# Economy Model Engine



## japcas (Jan 4, 2011)

Hey guys, I'm not sure if I've ever posted here before but I lurk here a lot. I love looking at all of the cool projects that are being built. There is definitely a very talented group of people here. I just finished a project and thought I would share it here. It is an Economy engine built from Joe Tochtrop castings. It has a 1.125 bore and a 1.75 stroke. The flywheels are about 6.5 inches in diameter. I'm attaching a YouTube link if you want to see it running. 

[ame]http://www.youtube.com/watch?v=JDQmR6TngEU[/ame]


----------



## steamer (Jan 4, 2011)

Nicely done!
 :bow: :bow:

Dave


----------



## doubletop (Jan 5, 2011)

Nice job Japcas; There seems to be a number of versions of engines of this type on the forum but yours certainly deserves the "model" tag.

Hopefully it will be up there when it come to the Feb PoM. It would look nice at the top of the page.

Pete


----------



## compspecial (Jan 5, 2011)

What a brilliant job, japcas, I wish I could do as well!


----------



## mh121 (Jan 5, 2011)

Lovely job Japcas, and you certainly have it running well. Do they do this model with an ignitor instead of the plug??

MartinH


----------



## japcas (Jan 5, 2011)

mh121  said:
			
		

> Lovely job Japcas, and you certainly have it running well. Do they do this model with an ignitor instead of the plug??
> 
> MartinH



As far as I know it's only available with spark plug ignition. Thanks for the kind comments.


----------



## Maryak (Jan 5, 2011)

Johnathan,

Very very nice. :bow:

Welcome to our forum. wEc1

Best Regards
Bob


----------



## putputman (Jan 5, 2011)

I saw your engine over on SmokStak and I'm glad you came over here as well. 
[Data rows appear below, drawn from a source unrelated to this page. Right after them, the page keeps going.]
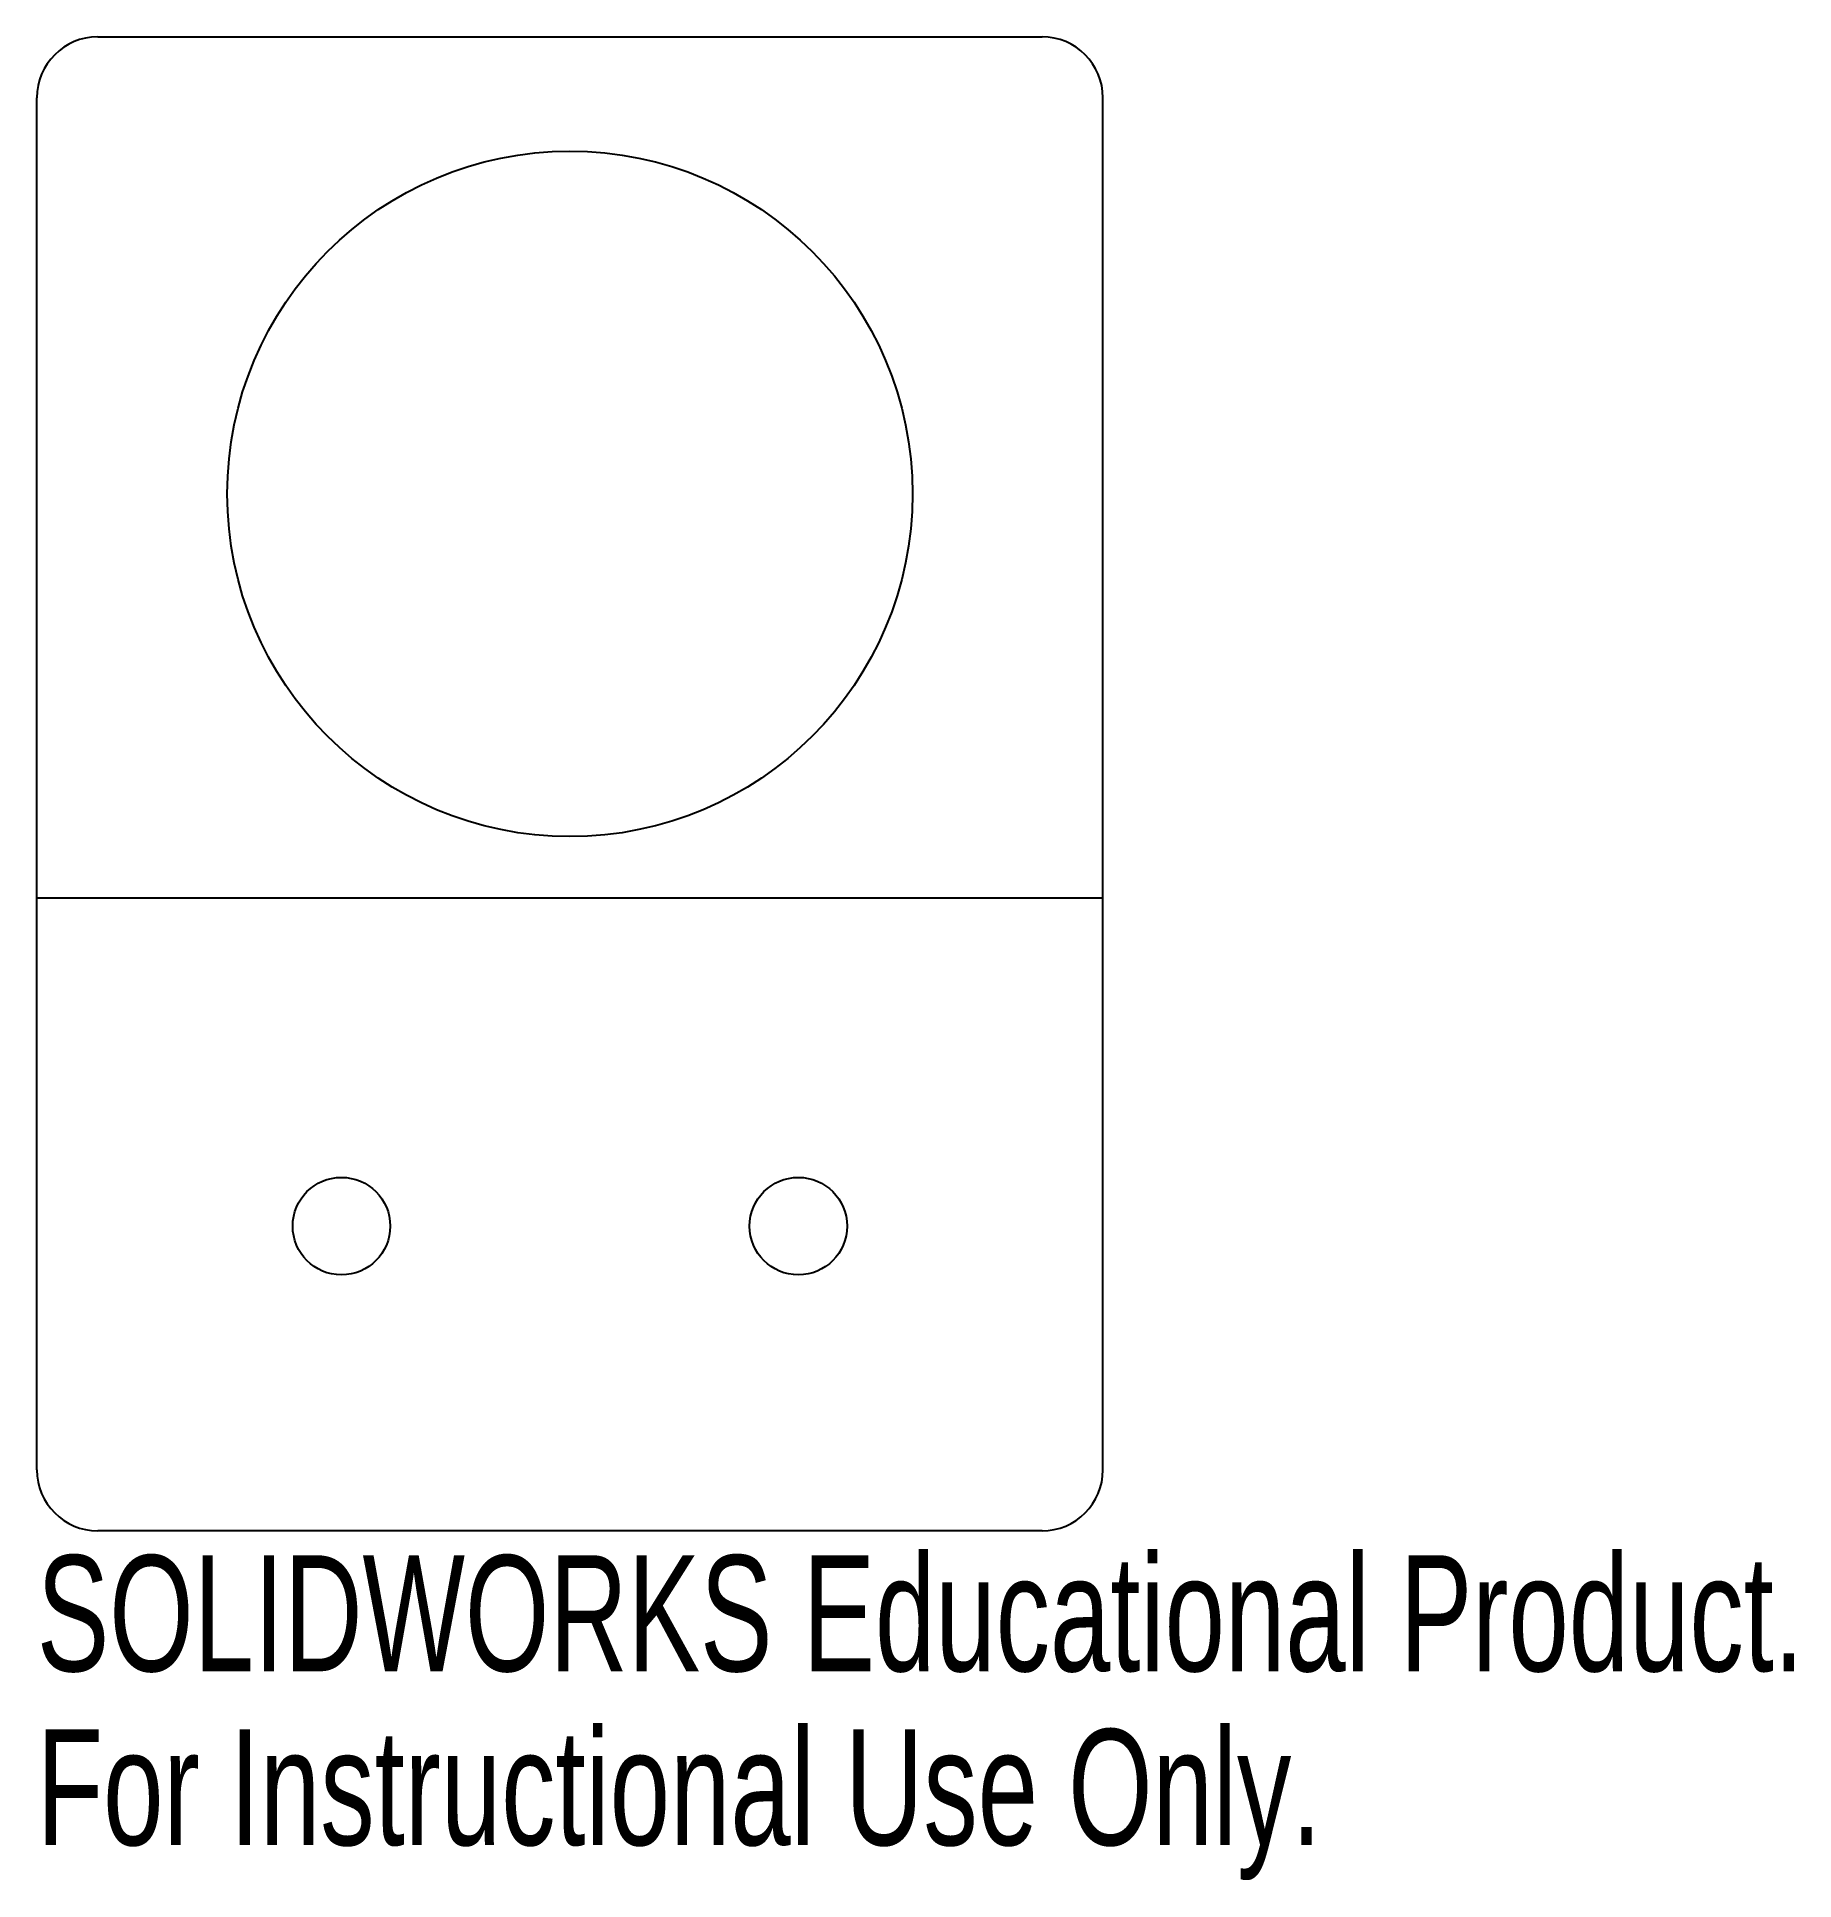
# Model space of a CAD drawing. Header units: inches. Extents: x -0.88 to 2.01, y -2.28 to 0.75.
import ezdxf

# ---------------------------------------------------------------- set-up
doc = ezdxf.new("R2010")
doc.units = ezdxf.units.IN
doc.header["$MEASUREMENT"] = 0
doc.styles.add('SLDTEXTSTYLE0', font='TXT', dxfattribs={"width": 0.7})

msp = doc.modelspace()

# ---------------------------------------------------------------- linework, layer by layer
at = {"color": 7, "linetype": 'Continuous', "lineweight": 25}
for p, q in [((-0.775, 0.75), (0.775, 0.75)), ((-0.875, -1.6017), (-0.875, 0.65)), ((0.875, -1.6017), (0.875, 0.65)), ((0.775, -1.7017), (-0.775, -1.7017))]:
    msp.add_line(p, q, dxfattribs=at)
at = {"color": 7, "linetype": 'Continuous'}
msp.add_line((0.875, -0.6634), (-0.875, -0.6634), dxfattribs=at)
at = {"color": 7, "linetype": 'Continuous', "lineweight": 25}
for centre, radius in [((0, 0), 0.5625), ((-0.375, -1.2017), 0.08), ((0.375, -1.2017), 0.08)]:
    msp.add_circle(centre, radius, dxfattribs=at)
for centre, start, end in [((-0.775, 0.65), 90, 180), ((0.775, 0.65), 0, 90), ((-0.775, -1.6017), 180, 270), ((0.775, -1.6017), 270, 0)]:
    msp.add_arc(centre, 0.1, start, end, dxfattribs=at)

# ---------------------------------------------------------------- texts
at = {"color": 7, "linetype": 'Continuous', "char_height": 0.1903, "attachment_point": 1, "style": 'SLDTEXTSTYLE0'}
for s, insert in [('SOLIDWORKS Educational Product.', (-0.875, -1.7419)), ('For Instructional Use Only.', (-0.875, -2.0273))]:
    msp.add_mtext(s, dxfattribs=dict(at, insert=insert))

doc.saveas('drawing.dxf')

I built that engine several years ago and then built Joe Tochtrop's water pump to go with it. I think his pump matches very well with the Economy. You can see it on my web site if you are interested.


----------



## japcas (Jan 5, 2011)

putputman  said:
			
		

> I saw your engine over on SmokStak and I'm glad you came over here as well.
> 
> I built that engine several years ago and then built Joe Tochtrop's water pump to go with it. I think his pump matches very well with the Economy. You can see it on my web site if you are interested.




I saw a post from you a while back and saw a link to your website. I must have spent an hour checking out all of your cool stuff. Thanks for sharing. It's people like you and the guys on this forum that inspire me to build. I always love to see what people are working on even if it's something that I might not personally build. I may have to get one of those pumps also. It would make a neat display even when it isn't belted up.


----------



## ZAPJACK (Jan 6, 2011)

Very nice H&M japcas, congratulations :bow:
But please shoot out the plastic caps and plastic fuel pipe th_rulze


----------



## japcas (Jan 6, 2011)

ZAPJACK  said:
			
		

> Very nice H&M japcas, congratulations :bow:
> But please shoot out the plastic caps and plastic fuel pipe th_rulze



I'm not sure what you mean by this. Can you explain?


----------